Understanding filament types also helps you pick the right material for paintable parts — each plastic behaves differently under primer and paint.

Worth it? If you’ve ever looked at a grey PLA print and thought “that’d look incredible in copper” — absolutely.

FAQ

Frequently Asked Questions

Can you paint PLA 3D prints directly without priming?

You can, but the results will be poor. Paint doesn't adhere well to raw PLA — it scratches off easily and shows every layer line. Priming takes 10 minutes and makes an enormous difference. Always prime first.

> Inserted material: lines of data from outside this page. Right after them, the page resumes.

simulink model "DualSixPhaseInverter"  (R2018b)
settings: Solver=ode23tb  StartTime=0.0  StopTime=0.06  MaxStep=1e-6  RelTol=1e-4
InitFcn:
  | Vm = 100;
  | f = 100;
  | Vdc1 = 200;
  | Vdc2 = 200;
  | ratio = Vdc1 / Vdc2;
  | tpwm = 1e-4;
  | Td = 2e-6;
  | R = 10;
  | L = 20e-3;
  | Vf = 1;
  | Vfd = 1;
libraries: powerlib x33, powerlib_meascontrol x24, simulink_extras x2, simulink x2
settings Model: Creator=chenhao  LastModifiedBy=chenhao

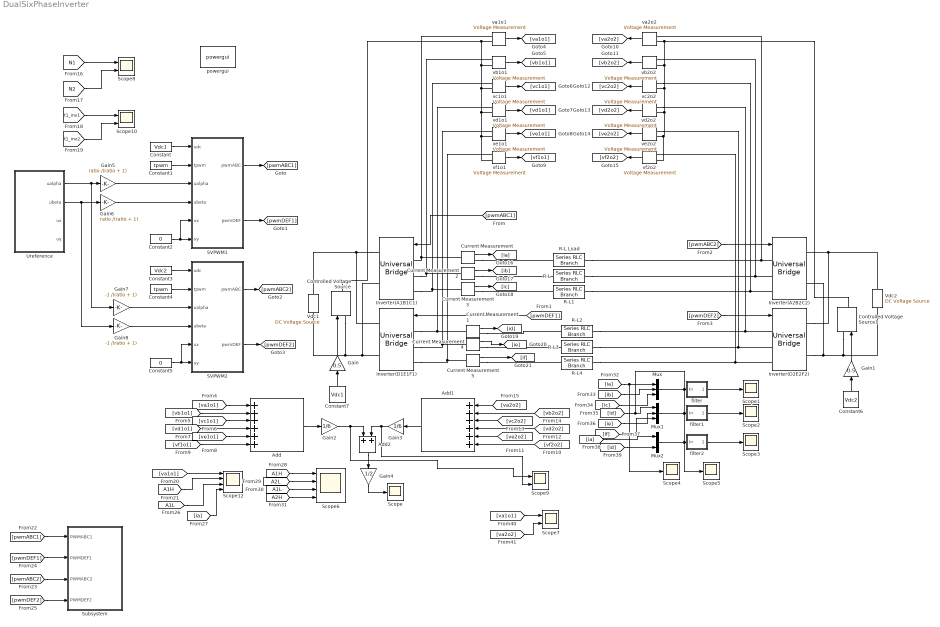
== system DualSixPhaseInverter ==
  Add : Sum  Inputs=++++++
  Add1 : Sum  Inputs=++++++
  Add2 : Sum
  Constant : Constant  Value=Vdc1
  Constant1 : Constant  Value=tpwm
  Constant2 : Constant  Value=0
  Constant3 : Constant  Value=Vdc2
  Constant4 : Constant  Value=tpwm
  Constant5 : Constant  Value=0
  Constant6 : Constant  Value=Vdc2
  Constant7 : Constant  Value=Vdc1
  Controlled Voltage Source : powerlib/Electrical Sources/Controlled Voltage Source  Initialize=on  Source_Type=AC  Amplitude=0  Phase=0  Frequency=0  Measurements=None
  Controlled Voltage Source1 : powerlib/Electrical Sources/Controlled Voltage Source  Initialize=on  Source_Type=AC  Amplitude=0  Phase=0  Frequency=0  Measurements=None
  Current Measurement{,1..5} (6 alike) : powerlib/Measurements/Current Measurement  PhasorSimulation=off  OutputType=Complex  PSBequivalent=0
  Gain : Gain  Gain=0.5
  Gain1 : Gain  Gain=0.5
  Gain2 : Gain  Gain=1/6
  Gain3 : Gain  Gain=1/6
  Gain4 : Gain  Gain=1/2
  Gain5 : Gain  Gain=ratio /(ratio + 1)
  Gain6 : Gain  Gain=ratio /(ratio + 1)
  Gain7 : Gain  Gain=-1 /(ratio + 1)
  Gain8 : Gain  Gain=-1 /(ratio + 1)
  Inverter(A1B1C1) : powerlib/Power Electronics/Universal Bridge  Arms=3  SnubberResistance=1e5  SnubberCapacitance=inf  Device=IGBT / Diodes  Ron=1e-3  Lon=0  ForwardVoltages="[  Vf  Vfd  ]"  ForwardVoltage=0  GTOparameters=[ 10e-6 , 20e-6 ]  IGBTparameters=[ 1e-6 , 2e-6 ]  Measurements=None  Measurements_2=None  converterType=Rectifier
      settings: SourceProductName=Simscape Electrical
  Inverter(A2B2C2) : powerlib/Power Electronics/Universal Bridge  Arms=3  SnubberResistance=1e5  SnubberCapacitance=inf  Device=IGBT / Diodes  Ron=1e-3  Lon=0  ForwardVoltages="[  Vf  Vfd  ]"  ForwardVoltage=0  GTOparameters=[ 10e-6 , 20e-6 ]  IGBTparameters=[ 1e-6 , 2e-6 ]  Measurements=None  Measurements_2=None  converterType=Rectifier
      settings: SourceProductName=Simscape Electrical
  Inverter(D1E1F1) : powerlib/Power Electronics/Universal Bridge  Arms=3  SnubberResistance=1e5  SnubberCapacitance=inf  Device=IGBT / Diodes  Ron=1e-3  Lon=0  ForwardVoltages="[  Vf  Vfd  ]"  ForwardVoltage=0  GTOparameters=[ 10e-6 , 20e-6 ]  IGBTparameters=[ 1e-6 , 2e-6 ]  Measurements=None  Measurements_2=None  converterType=Rectifier
      settings: SourceProductName=Simscape Electrical
  Inverter(D2E2F2) : powerlib/Power Electronics/Universal Bridge  Arms=3  SnubberResistance=1e5  SnubberCapacitance=inf  Device=IGBT / Diodes  Ron=1e-3  Lon=0  ForwardVoltages="[  Vf  Vfd  ]"  ForwardVoltage=0  GTOparameters=[ 10e-6 , 20e-6 ]  IGBTparameters=[ 1e-6 , 2e-6 ]  Measurements=None  Measurements_2=None  converterType=Rectifier
      settings: SourceProductName=Simscape Electrical
  Mux : Mux  Inputs=3
  Mux1 : Mux  Inputs=3
  Mux2 : Mux  Inputs=2
  R-L{,1..4} (5 alike) : powerlib/Elements/Series RLC Branch  LConnTagsString=__new0  RConnTagsString=__new0  BranchType=RL  Resistance=R  Inductance=L  SetiL0=off  InitialCurrent=0  Capacitance=[]  Setx0=off  InitialVoltage=0  Measurements=None
      settings: SourceProductName=Simscape Electrical
  R-L Load : powerlib/Elements/Series RLC Branch  LConnTagsString=__new0  RConnTagsString=__new0  BranchType=RL  Resistance=R  Inductance=L  SetiL0=off  InitialCurrent=0  Capacitance=[]  Setx0=off  InitialVoltage=0  Measurements=None
      settings: SourceProductName=Simscape Electrical
  SVPWM1 : Subsystem
  SVPWM2 : Subsystem
  Scope{,1..5} (6 alike) : Scope
  Scope{7..10} (4 alike) : Scope  NumInputPorts=2
  Scope12 : Scope  NumInputPorts=4
  Scope6 : Scope  NumInputPorts=4
  Subsystem : Subsystem
  Ureference : Subsystem
  Vdc1 : powerlib/Electrical Sources/DC Voltage Source  Amplitude=Vdc1  Measurements=None
      settings: SourceProductName=Simscape Electrical
  Vdc2 : powerlib/Electrical Sources/DC Voltage Source  Amplitude=Vdc2  Measurements=None
      settings: SourceProductName=Simscape Electrical
  filter : Subsystem
  filter1 : Subsystem
  filter2 : Subsystem
  powergui : powerlib/powergui  Priority=1  SimulationMode=Continuous  SampleTime=50e-6  frequency=60  Iterations=50  frequencyindice=0  Pbase=100e6  ErrMax=1e-4  UnitsV=kV  UnitsW=MW  buscounter=0  FunctionMessages=off  echomessages=off  EnableUseOfTLC=off  CurrentSourceSwitches=on  DisableSnubberDevices=off  DisableRonSwitches=off  DisableVfSwitches=off  DisplayEquations=off  SolverType=Tustin/Backward Euler (TBE)  Interpol=off  ExternalGateDelay=off  methode=off  Ts=100  x0status=blocks  SPID=off  SwTol=0  HookPort=off  RestoreLinks=warning  ResistiveCurrentMeasurement=off  Frange=[0:2:500]  Ylog=off  Xlog=on  ShowGrid=off  save=off  variable=ZData  structure=iA  ZoomFFT=off  StartTime=0.02  cycles=2  DisplayStyle=1  fundamental=100  FreqAxis=off  MaxFrequency=2000  frequencyindicesteady=1  RmsSteady=1  display=off
  va1o1 : powerlib/Measurements/Voltage Measurement  PhasorSimulation=off  OutputType=Complex  PSBequivalent=0
  va2o2 : powerlib/Measurements/Voltage Measurement  PhasorSimulation=off  OutputType=Complex  PSBequivalent=0
  vb1o1 : powerlib/Measurements/Voltage Measurement  PhasorSimulation=off  OutputType=Complex  PSBequivalent=0
  vb2o2 : powerlib/Measurements/Voltage Measurement  PhasorSimulation=off  OutputType=Complex  PSBequivalent=0
  vc1o1 : powerlib/Measurements/Voltage Measurement  PhasorSimulation=off  OutputType=Complex  PSBequivalent=0
  vc2o2 : powerlib/Measurements/Voltage Measurement  PhasorSimulation=off  OutputType=Complex  PSBequivalent=0
  vd1o1 : powerlib/Measurements/Voltage Measurement  PhasorSimulation=off  OutputType=Complex  PSBequivalent=0
  vd2o2 : powerlib/Measurements/Voltage Measurement  PhasorSimulation=off  OutputType=Complex  PSBequivalent=0
  ve1o1 : powerlib/Measurements/Voltage Measurement  PhasorSimulation=off  OutputType=Complex  PSBequivalent=0
  ve2o2 : powerlib/Measurements/Voltage Measurement  PhasorSimulation=off  OutputType=Complex  PSBequivalent=0
  vf1o1 : powerlib/Measurements/Voltage Measurement  PhasorSimulation=off  OutputType=Complex  PSBequivalent=0
  vf2o2 : powerlib/Measurements/Voltage Measurement  PhasorSimulation=off  OutputType=Complex  PSBequivalent=0
  wires:
  Constant/1 -> SVPWM1/1(udc)
  Constant1/1 -> SVPWM1/2(tpwm)
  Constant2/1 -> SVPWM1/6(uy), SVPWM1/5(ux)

What paint works best on 3D prints?

Acrylic paints (Citadel, Vallejo, standard craft acrylics) work brilliantly on primed 3D prints. For large areas, spray paint is faster and gives a smoother finish. Avoid enamel paints unless you have good ventilation — they take ages to dry and the fumes are unpleasant.

How do you get a smooth finish on a 3D print?

Sand progressively from 120 grit up to 400 grit, apply a filler primer (Rust-Oleum works well), sand again lightly with 400-600 grit, then paint. For ABS, you can also use acetone vapour smoothing to melt layer lines away chemically.

Do you need to seal painted 3D prints?

A clear coat is strongly recommended, especially for anything that will be handled. Matte or satin spray varnish protects the paint from chipping and fingerprints. Two thin coats is enough — heavy coats can pool in crevices.

Can you use car spray paint on 3D prints?

Yes, but be careful with PLA. Some car paints contain solvents that can soften PLA slightly. Always test on a scrap piece first. ABS and PETG handle automotive spray paints with no issues. Halfords primers and paints work fine on primed PLA.